→ Brief
Given the entries that follow, write out exactly the lines starting at the one containing "blk.add_lwpolyline([(0, -200), (0, 200)], dxfattribs=at)" and ending at the one containing "blk.add_circle(centre, radius, dxfattribs=at)", both ends included, and only those.

━━━ Records

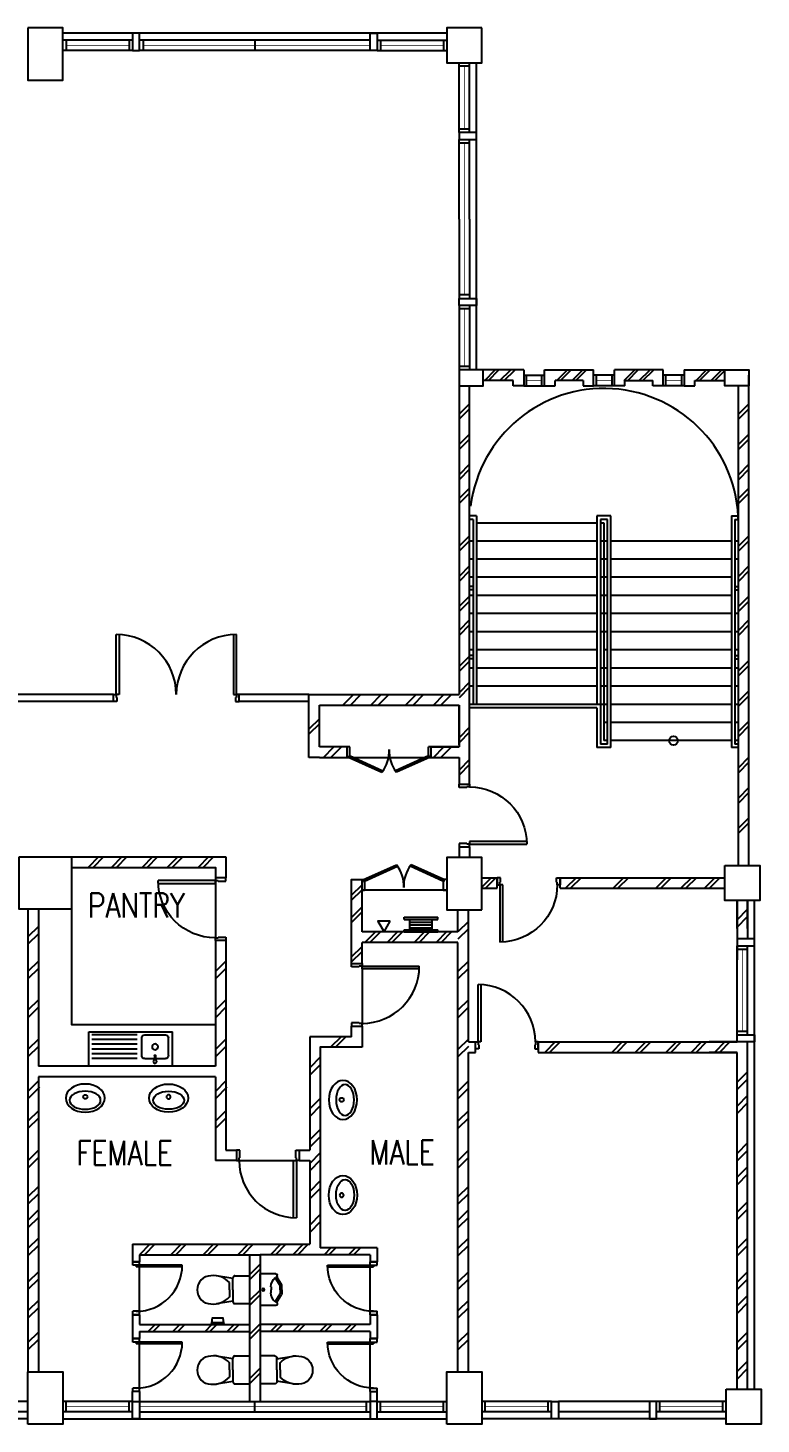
# Model space of a CAD drawing. Extents: x 2284769 to 2400769, y -845223 to -764674.
# Drawn here: x 2390269 to 2400769, y -784674 to -764674 of the extents above; entities that cross this region are included whole.
import ezdxf

# ---------------------------------------------------------------- set-up
doc = ezdxf.new("R2010")
doc.units = 0
doc.header["$LTSCALE"] = 10
doc.header["$MEASUREMENT"] = 0
doc.layers.get('0').update_dxf_attribs({"linetype": 'CONTINUOUS'})
for name, color, linetype in [('-FF', 240, 'CONTINUOUS'), ('BTH-FX', 5, 'CONTINUOUS'), ('COL', 3, 'CONTINUOUS'), ('DIM', 7, 'CONTINUOUS'), ('DOOR', 5, 'CONTINUOUS'), ('DR', 7, 'CONTINUOUS'), ('H', 1, 'CONTINUOUS'), ('hatch', 7, 'CONTINUOUS'), ('LINE', 7, 'CONTINUOUS'), ('partition', 7, 'CONTINUOUS'), ('PL', 5, 'CONTINUOUS'), ('SANI', 7, 'CONTINUOUS'), ('stair', 7, 'CONTINUOUS'), ('T50', 4, 'CONTINUOUS'), ('WALL', 2, 'CONTINUOUS'), ('WIN', 5, 'CONTINUOUS')]:
    doc.layers.add(name, color=color, linetype=linetype)
doc.styles.add('DIMTEXT', font='romans.shx', dxfattribs={"width": 0.8, "height": 400})

# ---------------------------------------------------------------- blocks, each defined once
blk = doc.blocks.new('d900-1b1')
at = {"layer": 'DR'}
for p, q in [((40, 100), (40, 920)), ((80, 919), (80, 100)), ((0, 0), (0, 100)), ((0, 100), (40, 100)), ((50, 0), (0, 0)), ((80, 100), (40, 100)), ((40, 100), (40, 60)), ((40, 60), (50, 60)), ((50, 60), (50, 0)), ((860, 60), (850, 60)), ((850, 60), (850, 0)), ((850, 0), (900, 0)), ((860, 100), (860, 60)), ((900, 100), (860, 100)), ((900, 0), (900, 100))]:
    blk.add_line(p, q, dxfattribs=at)
blk.add_arc((40, 100), 820, 0, 90, dxfattribs=at)
blk = doc.blocks.new('DR-900-B')
at = {"layer": 'DR'}
for p, q in [((0, 900), (-150, 900)), ((-150, 900), (-150, 860)), ((-150, 860), (-110, 860)), ((-110, 860), (-110, 850)), ((-110, 850), (0, 850)), ((0, 850), (0, 900)), ((-150, 40), (-970, 40)), ((-969, 80), (-150, 80)), ((-150, 80), (-150, 40)), ((-150, 40), (-110, 40)), ((-150, 0), (-150, 40)), ((0, 0), (-150, 0)), ((-110, 50), (0, 50)), ((-110, 40), (-110, 50)), ((0, 50), (0, 0))]:
    blk.add_line(p, q, dxfattribs=at)
blk.add_arc((-150, 40), 820, 90, 180, dxfattribs=at)
blk = doc.blocks.new('SANI')
at = {"layer": 'SANI'}
for p, q in [((210, 200), (0, 200)), ((240, 0), (240, 170)), ((240, 0), (240, -170)), ((288, 0), (288, 105)), ((288, 0), (288, -105)), ((210, -200), (0, -200))]:
    blk.add_line(p, q, dxfattribs=at)
blk.add_lwpolyline([(0, -200), (0, 200)], dxfattribs=at)
for centre, radius, start, end in [((522, -112), 317, 84.3151, 137.3118), ((555, 6), 197, 358.9731, 90.483), ((210, 170), 30, 0, 90), ((4314, -23770), 24274, 99.1011, 99.6631), ((555, -1), 197, 269.517, 1.0269), ((210, -170), 30, 270, 0), ((4314, 23770), 24274, 260.3369, 260.8989), ((510, 95), 297, 221.7688, 278.3442)]:
    blk.add_arc(centre, radius, start, end, dxfattribs=at)
blk = doc.blocks.new('UR')
at = {"color": 7}
for p, q in [((0, 157), (-227, 157)), ((-227, -68), (-227, 157)), ((-43, 0), (0, 0)), ((0, 157), (228, 157)), ((43, 0), (0, 0)), ((228, -68), (228, 157)), ((-190, -88), (-207, -88)), ((-179, -83), (-68, -152)), ((-172, -59), (-58, -131)), ((0, -153), (-68, -153)), ((0, -131), (-58, -131)), ((0, -131), (58, -131)), ((0, -153), (68, -153)), ((172, -59), (58, -131)), ((179, -83), (68, -152)), ((190, -88), (208, -88))]:
    blk.add_line(p, q, dxfattribs=at)
blk.add_circle((-1, 111), 16.9, dxfattribs=at)
for centre, radius, start, end in [((-42, -174), 175, 90.221, 139.2623), ((42, -174), 175, 40.7377, 89.779), ((-207, -68), 20, 180, 270), ((-194, -70), 18.3, 252.6976, 328.5201), ((-115, -86), 64.8, 158.2045, 175.535), ((115, -86), 64.8, 4.465, 21.7955), ((194, -70), 18.3, 211.4799, 287.3024), ((208, -68), 20, 270, 0)]:
    blk.add_arc(centre, radius, start, end, dxfattribs=at)
blk = doc.blocks.new('SINK-SGL')
at = {"layer": 'BTH-FX', "color": 7}
for p, q in [((0, 493), (0, 0)), ((940, 340), (940, 401)), ((957, 340), (957, 401)), ((1200, 493), (1200, 0)), ((695, 382), (42, 382)), ((695, 314), (42, 314)), ((695, 246), (42, 246)), ((758, 340), (758, 85)), ((801, 382), (940, 382)), ((957, 382), (1097, 382)), ((1140, 340), (1140, 85)), ((0, 0), (1200, 0)), ((695, 178), (42, 178)), ((695, 110), (42, 110)), ((695, 42), (42, 42)), ((801, 42), (1097, 42))]:
    blk.add_line(p, q, dxfattribs=at)
for centre, radius in [((949, 425), 25.5), ((949, 213), 42.5)]:
    blk.add_circle(centre, radius, dxfattribs=at)
for centre, radius, start, end in [((801, 340), 42.5, 90, 180), ((949, 340), 8.5, 180, 0), ((1097, 340), 42.5, 0, 90), ((801, 85), 42.5, 180, 270), ((1097, 85), 42.5, 270, 0)]:
    blk.add_arc(centre, radius, start, end, dxfattribs=at)
blk = doc.blocks.new('ELLIPSE')
blk.add_circle((0.5, 0.5), 0.5)
blk = doc.blocks.new('BASIN-01')
blk.add_circle((0, 0), 30.3)
for p, xscale, yscale, zscale in [((279, -221), -559.6811780125836, 404.3346891934725, 559.6811780125837), ((220, -179), -444.6356025322193, 259.9294430529471, 444.6356025322195)]:
    blk.add_blockref('ELLIPSE', p, dxfattribs=dict(xscale=xscale, yscale=yscale, zscale=zscale))
blk = doc.blocks.new('234')
at = {"layer": 'DR', "color": 1}
for p, q in [((2285264, -784764), (2285264, -785474)), ((2285289, -784765), (2285289, -785424)), ((2285214, -785374), (2285214, -785474)), ((2285264, -785374), (2285214, -785374)), ((2285264, -785374), (2285264, -785474)), ((2285924, -785374), (2285264, -785374)), ((2285974, -785374), (2285924, -785374)), ((2285924, -785374), (2285924, -785474)), ((2285974, -785374), (2285974, -785474)), ((2285264, -785474), (2285214, -785474)), ((2285264, -785424), (2285289, -785424)), ((2285974, -785474), (2285924, -785474))]:
    blk.add_line(p, q, dxfattribs=at)
blk.add_arc((2285264, -785424), 660, 0, 90, dxfattribs=at)

msp = doc.modelspace()

# ---------------------------------------------------------------- linework, layer by layer
at = {"color": 0}
for p, q in [((2396269.4, -764749.1), (2390769.4, -764749.1)), ((2396694.4, -769574.1), (2396694.4, -765174.1)), ((2400677.4, -784174.1), (2400677.4, -777174.1)), ((2390269.4, -784599.1), (2385769.4, -784599.1)), ((2390769.4, -784599.1), (2396269.4, -784599.1)), ((2400269.4, -784599.1), (2396769.4, -784599.1))]:
    msp.add_line(p, q, dxfattribs=at)
at = {"layer": 'COL', "color": 0}
for points in [[(2390269.4, -764674.1), (2390269.4, -765424.1), (2390769.4, -765424.1), (2390769.4, -764674.1)], [(2396769.4, -764674.1), (2396269.4, -764674.1), (2396269.4, -765174.1), (2396769.4, -765174.1)], [(2396787.4, -769574.1), (2396444.4, -769574.1), (2396444.4, -769799.1), (2396787.4, -769799.1)], [(2396787.4, -769574.1), (2396444.4, -769574.1), (2396444.4, -769799.1), (2396787.4, -769799.1)], [(2400251.4, -769574.1), (2400594.4, -769574.1), (2400594.4, -769799.1), (2400251.4, -769799.1)], [(2390144.4, -776549.1), (2390894.4, -776549.1), (2390894.4, -777299.1), (2390144.4, -777299.1)], [(2396769.4, -777307.2), (2396769.4, -776557.2), (2396269.4, -776557.2), (2396269.4, -777307.2)], [(2400252.4, -776674.1), (2400752.4, -776674.1), (2400752.4, -777174.1), (2400252.4, -777174.1)], [(2390269.4, -784674.1), (2390269.4, -783924.1), (2390769.4, -783924.1), (2390769.4, -784674.1)], [(2396269.4, -784674.1), (2396269.4, -783924.1), (2396769.4, -783924.1), (2396769.4, -784674.1)], [(2400269.4, -784174.1), (2400769.4, -784174.1), (2400769.4, -784674.1), (2400269.4, -784674.1)]]:
    msp.add_lwpolyline(points, close=True, dxfattribs=at)
at = {"layer": 'DIM', "color": 0}
for p, q in [((2395659.9, -777444.6), (2395659.9, -777412.6)), ((2395659.9, -777624.9), (2395659.9, -777592.9)), ((2395739.9, -777592.9), (2395739.9, -777444.6)), ((2396059.9, -777592.9), (2396059.9, -777444.6)), ((2396139.9, -777444.6), (2396139.9, -777412.6)), ((2396139.9, -777624.9), (2396139.9, -777592.9))]:
    msp.add_line(p, q, dxfattribs=at)
at = {"layer": 'DOOR', "color": 0}
for p, q in [((2394881.3, -774974.1), (2394845.5, -774974.1)), ((2394881.3, -775099.1), (2394881.3, -774974.1)), ((2396005.3, -775099.1), (2396005.3, -774974.1)), ((2396043.3, -774974.1), (2396005.3, -774974.1)), ((2394843.3, -775124.1), (2394868.3, -775124.1)), ((2394868.3, -775124.1), (2394868.3, -775099.1)), ((2394868.3, -775099.1), (2394881.3, -775099.1)), ((2394882.1, -775103.3), (2394868.3, -775124.1)), ((2394868.3, -775124.1), (2395339.3, -775337.4)), ((2394882.1, -775103.3), (2395354.2, -775317.3)), ((2396004.5, -775103.3), (2395532.4, -775317.3)), ((2396018.3, -775124.1), (2395547.3, -775337.4)), ((2396004.5, -775103.3), (2396018.3, -775124.1)), ((2396018.3, -775099.1), (2396005.3, -775099.1)), ((2396018.3, -775124.1), (2396018.3, -775099.1)), ((2395077.4, -776874.9), (2395548.4, -776661.6)), ((2395091.2, -776895.7), (2395563.3, -776681.8)), ((2396213.6, -776895.7), (2395741.5, -776681.8)), ((2396227.4, -776874.9), (2395756.4, -776661.6)), ((2395054.6, -776874.9), (2395079.6, -776874.9)), ((2395091.2, -776895.7), (2395077.4, -776874.9)), ((2395077.4, -776899.9), (2395090.4, -776899.9)), ((2395079.6, -776874.9), (2395079.6, -776899.9)), ((2395090.4, -776899.9), (2395090.4, -777024.9)), ((2396213.6, -776895.7), (2396227.4, -776874.9)), ((2396227.4, -776899.9), (2396214.4, -776899.9)), ((2396214.4, -776899.9), (2396214.4, -777024.9)), ((2396227.4, -776874.9), (2396227.4, -776899.9)), ((2396252.4, -776874.9), (2396227.4, -776874.9)), ((2395052.4, -777024.9), (2395090.4, -777024.9)), ((2396214.4, -777024.9), (2396252.4, -777024.9))]:
    msp.add_line(p, q, dxfattribs=at)
for centre, start, end in [((2394945.9, -775030.4), 322.03455, 2.4491), ((2395940.7, -775030.4), 177.5509, 217.96545), ((2395155, -776968.6), 357.5509, 37.96545), ((2396149.8, -776968.6), 142.03455, 182.4491)]:
    msp.add_arc(centre, 499, start, end, dxfattribs=at)
at = {"layer": 'DR', "color": 0}
for p, q in [((2391534.4, -774224.1), (2391534.4, -773364.1)), ((2391574.4, -773365), (2391574.4, -774224.1)), ((2393214.4, -773365), (2393214.4, -774224.1)), ((2393254.4, -774224.1), (2393254.4, -773364.1)), ((2391494.4, -774324.1), (2391494.4, -774224.1)), ((2391494.4, -774224.1), (2391534.4, -774224.1)), ((2391544.4, -774324.1), (2391494.4, -774324.1)), ((2391574.4, -774224.1), (2391534.4, -774224.1)), ((2391534.4, -774224.1), (2391534.4, -774264.1)), ((2391534.4, -774264.1), (2391544.4, -774264.1)), ((2391544.4, -774264.1), (2391544.4, -774324.1)), ((2393214.4, -774224.1), (2393254.4, -774224.1)), ((2393244.4, -774264.1), (2393244.4, -774324.1)), ((2393254.4, -774264.1), (2393244.4, -774264.1)), ((2393244.4, -774324.1), (2393294.4, -774324.1)), ((2393254.4, -774224.1), (2393254.4, -774264.1)), ((2393294.4, -774224.1), (2393254.4, -774224.1)), ((2393294.4, -774324.1), (2393294.4, -774224.1))]:
    msp.add_line(p, q, dxfattribs=at)
for centre, start, end in [((2391534.4, -774224.1), 0, 90), ((2393254.4, -774224.1), 90, 179.99993)]:
    msp.add_arc(centre, 860, start, end, dxfattribs=at)
at = {"layer": 'H', "color": 0}
for p, q in [((2396813.4, -769724.1), (2396963.4, -769574.1)), ((2396865, -769724.1), (2397015, -769574.1)), ((2397030.1, -769726.3), (2397180.1, -769576.3)), ((2397091.9, -769726.3), (2397241.9, -769576.3)), ((2397846.6, -769724.1), (2397996.6, -769574.1)), ((2397898.2, -769724.1), (2398048.2, -769574.1)), ((2398063.3, -769726.3), (2398213.3, -769576.3)), ((2398114.9, -769726.3), (2398264.9, -769576.3)), ((2398809.1, -769724.1), (2398959.1, -769574.1)), ((2398860.7, -769724.1), (2399010.7, -769574.1)), ((2399025.8, -769726.3), (2399175.8, -769576.3)), ((2399077.4, -769726.3), (2399227.4, -769576.3)), ((2399837.7, -769724.1), (2399987.7, -769574.1)), ((2399889.4, -769724.1), (2400039.4, -769574.1)), ((2400054.4, -769726.3), (2400204.4, -769576.3)), ((2400106.1, -769726.3), (2400256.1, -769576.3)), ((2394443.4, -774570.3), (2394293.4, -774720.3)), ((2394443.4, -774641), (2394293.4, -774791)), ((2392055.3, -776549.1), (2391905.3, -776699.1)), ((2392126, -776549.1), (2391976, -776699.1)), ((2396901.5, -776849.1), (2396769.4, -776981.2)), ((2396972.2, -776849.1), (2396822.2, -776999.1)), ((2398120.7, -776849.1), (2397970.7, -776999.1)), ((2398191.4, -776849.1), (2398041.4, -776999.1)), ((2398799, -776849.1), (2398649, -776999.1)), ((2398869.7, -776849.1), (2398719.7, -776999.1)), ((2399412.2, -776849.1), (2399262.2, -776999.1)), ((2399482.9, -776849.1), (2399332.9, -776999.1)), ((2395246.8, -777624.9), (2395096.8, -777774.9)), ((2395317.5, -777624.9), (2395167.5, -777774.9)), ((2395562.1, -777624.9), (2395412.1, -777774.9)), ((2395632.8, -777624.9), (2395482.8, -777774.9)), ((2395949.9, -777624.9), (2395799.9, -777774.9)), ((2396020.6, -777624.9), (2395870.6, -777774.9)), ((2396265.2, -777624.9), (2396115.2, -777774.9)), ((2396335.9, -777624.9), (2396185.9, -777774.9)), ((2394753.2, -779124.9), (2394603.2, -779274.9)), ((2394823.9, -779124.9), (2394673.9, -779274.9)), ((2397820.6, -779199.1), (2397670.6, -779349.1)), ((2397891.3, -779199.1), (2397741.3, -779349.1)), ((2399556.1, -779199.1), (2399406.1, -779349.1)), ((2399626.8, -779199.1), (2399476.8, -779349.1)), ((2392016.3, -782099.1), (2391866.3, -782249.1)), ((2392087, -782099.1), (2391937, -782249.1)), ((2392465.4, -782099.1), (2392315.4, -782249.1)), ((2392536.1, -782099.1), (2392386.1, -782249.1)), ((2392927.2, -782099.1), (2392777.2, -782249.1)), ((2392997.9, -782099.1), (2392847.9, -782249.1)), ((2393424.4, -782099.1), (2393274.4, -782249.1)), ((2393495.1, -782099.1), (2393345.1, -782249.1)), ((2393893, -782099.1), (2393743, -782249.1)), ((2393963.7, -782099.1), (2393813.7, -782249.1)), ((2394212.5, -782099.1), (2394062.5, -782249.1)), ((2394283.2, -782099.1), (2394133.2, -782249.1)), ((2394609.9, -782149.1), (2394509.9, -782249.1)), ((2394680.7, -782149.1), (2394580.7, -782249.1)), ((2394960.2, -782149.1), (2394860.2, -782249.1)), ((2395031, -782149.1), (2394931, -782249.1)), ((2393594.4, -782384.2), (2393444.4, -782534.2)), ((2393594.4, -782455), (2393451.6, -782597.8)), ((2393594.4, -782753.7), (2393444.4, -782903.7)), ((2393594.4, -782824.4), (2393451.6, -782967.2)), ((2391993.5, -783349.1), (2392093.5, -783249.1)), ((2392064.2, -783349.1), (2392164.2, -783249.1)), ((2392343.8, -783349.1), (2392443.8, -783249.1)), ((2392414.5, -783349.1), (2392514.5, -783249.1)), ((2392805.6, -783349.1), (2392905.6, -783249.1)), ((2392876.3, -783349.1), (2392976.3, -783249.1)), ((2393125.1, -783349.1), (2393225.1, -783249.1)), ((2393195.8, -783349.1), (2393295.8, -783249.1)), ((2393594.4, -783239.2), (2393444.4, -783389.2)), ((2393594.4, -783309.9), (2393451.6, -783452.8)), ((2393843, -783249.1), (2393743, -783349.1)), ((2393913.7, -783249.1), (2393813.7, -783349.1)), ((2394162.5, -783249.1), (2394062.5, -783349.1)), ((2394233.2, -783249.1), (2394133.2, -783349.1)), ((2394549.4, -783249.1), (2394449.4, -783349.1)), ((2394620.1, -783249.1), (2394520.1, -783349.1)), ((2394899.7, -783249.1), (2394799.7, -783349.1)), ((2394970.4, -783249.1), (2394870.4, -783349.1)), ((2393594.4, -783874.3), (2393444.4, -784024.3)), ((2393594.4, -783945), (2393451.6, -784087.9))]:
    msp.add_line(p, q, dxfattribs=at)
at = {"layer": 'hatch', "color": 0}
for p, q in [((2396594.4, -770058.6), (2396444.4, -770208.6)), ((2396594.4, -770130.2), (2396444.4, -770280.2)), ((2400594.4, -770058.6), (2400444.4, -770208.6)), ((2400594.4, -770130.2), (2400444.4, -770280.2)), ((2396594.4, -770492.6), (2396444.4, -770642.6)), ((2396594.4, -770564.2), (2396444.4, -770714.2)), ((2400594.4, -770492.6), (2400444.4, -770642.6)), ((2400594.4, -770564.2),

━━━━━━

→ Response
blk.add_lwpolyline([(0, -200), (0, 200)], dxfattribs=at)
for centre, radius, start, end in [((522, -112), 317, 84.3151, 137.3118), ((555, 6), 197, 358.9731, 90.483), ((210, 170), 30, 0, 90), ((4314, -23770), 24274, 99.1011, 99.6631), ((555, -1), 197, 269.517, 1.0269), ((210, -170), 30, 270, 0), ((4314, 23770), 24274, 260.3369, 260.8989), ((510, 95), 297, 221.7688, 278.3442)]:
    blk.add_arc(centre, radius, start, end, dxfattribs=at)
blk = doc.blocks.new('UR')
at = {"color": 7}
for p, q in [((0, 157), (-227, 157)), ((-227, -68), (-227, 157)), ((-43, 0), (0, 0)), ((0, 157), (228, 157)), ((43, 0), (0, 0)), ((228, -68), (228, 157)), ((-190, -88), (-207, -88)), ((-179, -83), (-68, -152)), ((-172, -59), (-58, -131)), ((0, -153), (-68, -153)), ((0, -131), (-58, -131)), ((0, -131), (58, -131)), ((0, -153), (68, -153)), ((172, -59), (58, -131)), ((179, -83), (68, -152)), ((190, -88), (208, -88))]:
    blk.add_line(p, q, dxfattribs=at)
blk.add_circle((-1, 111), 16.9, dxfattribs=at)
for centre, radius, start, end in [((-42, -174), 175, 90.221, 139.2623), ((42, -174), 175, 40.7377, 89.779), ((-207, -68), 20, 180, 270), ((-194, -70), 18.3, 252.6976, 328.5201), ((-115, -86), 64.8, 158.2045, 175.535), ((115, -86), 64.8, 4.465, 21.7955), ((194, -70), 18.3, 211.4799, 287.3024), ((208, -68), 20, 270, 0)]:
    blk.add_arc(centre, radius, start, end, dxfattribs=at)
blk = doc.blocks.new('SINK-SGL')
at = {"layer": 'BTH-FX', "color": 7}
for p, q in [((0, 493), (0, 0)), ((940, 340), (940, 401)), ((957, 340), (957, 401)), ((1200, 493), (1200, 0)), ((695, 382), (42, 382)), ((695, 314), (42, 314)), ((695, 246), (42, 246)), ((758, 340), (758, 85)), ((801, 382), (940, 382)), ((957, 382), (1097, 382)), ((1140, 340), (1140, 85)), ((0, 0), (1200, 0)), ((695, 178), (42, 178)), ((695, 110), (42, 110)), ((695, 42), (42, 42)), ((801, 42), (1097, 42))]:
    blk.add_line(p, q, dxfattribs=at)
for centre, radius in [((949, 425), 25.5), ((949, 213), 42.5)]:
    blk.add_circle(centre, radius, dxfattribs=at)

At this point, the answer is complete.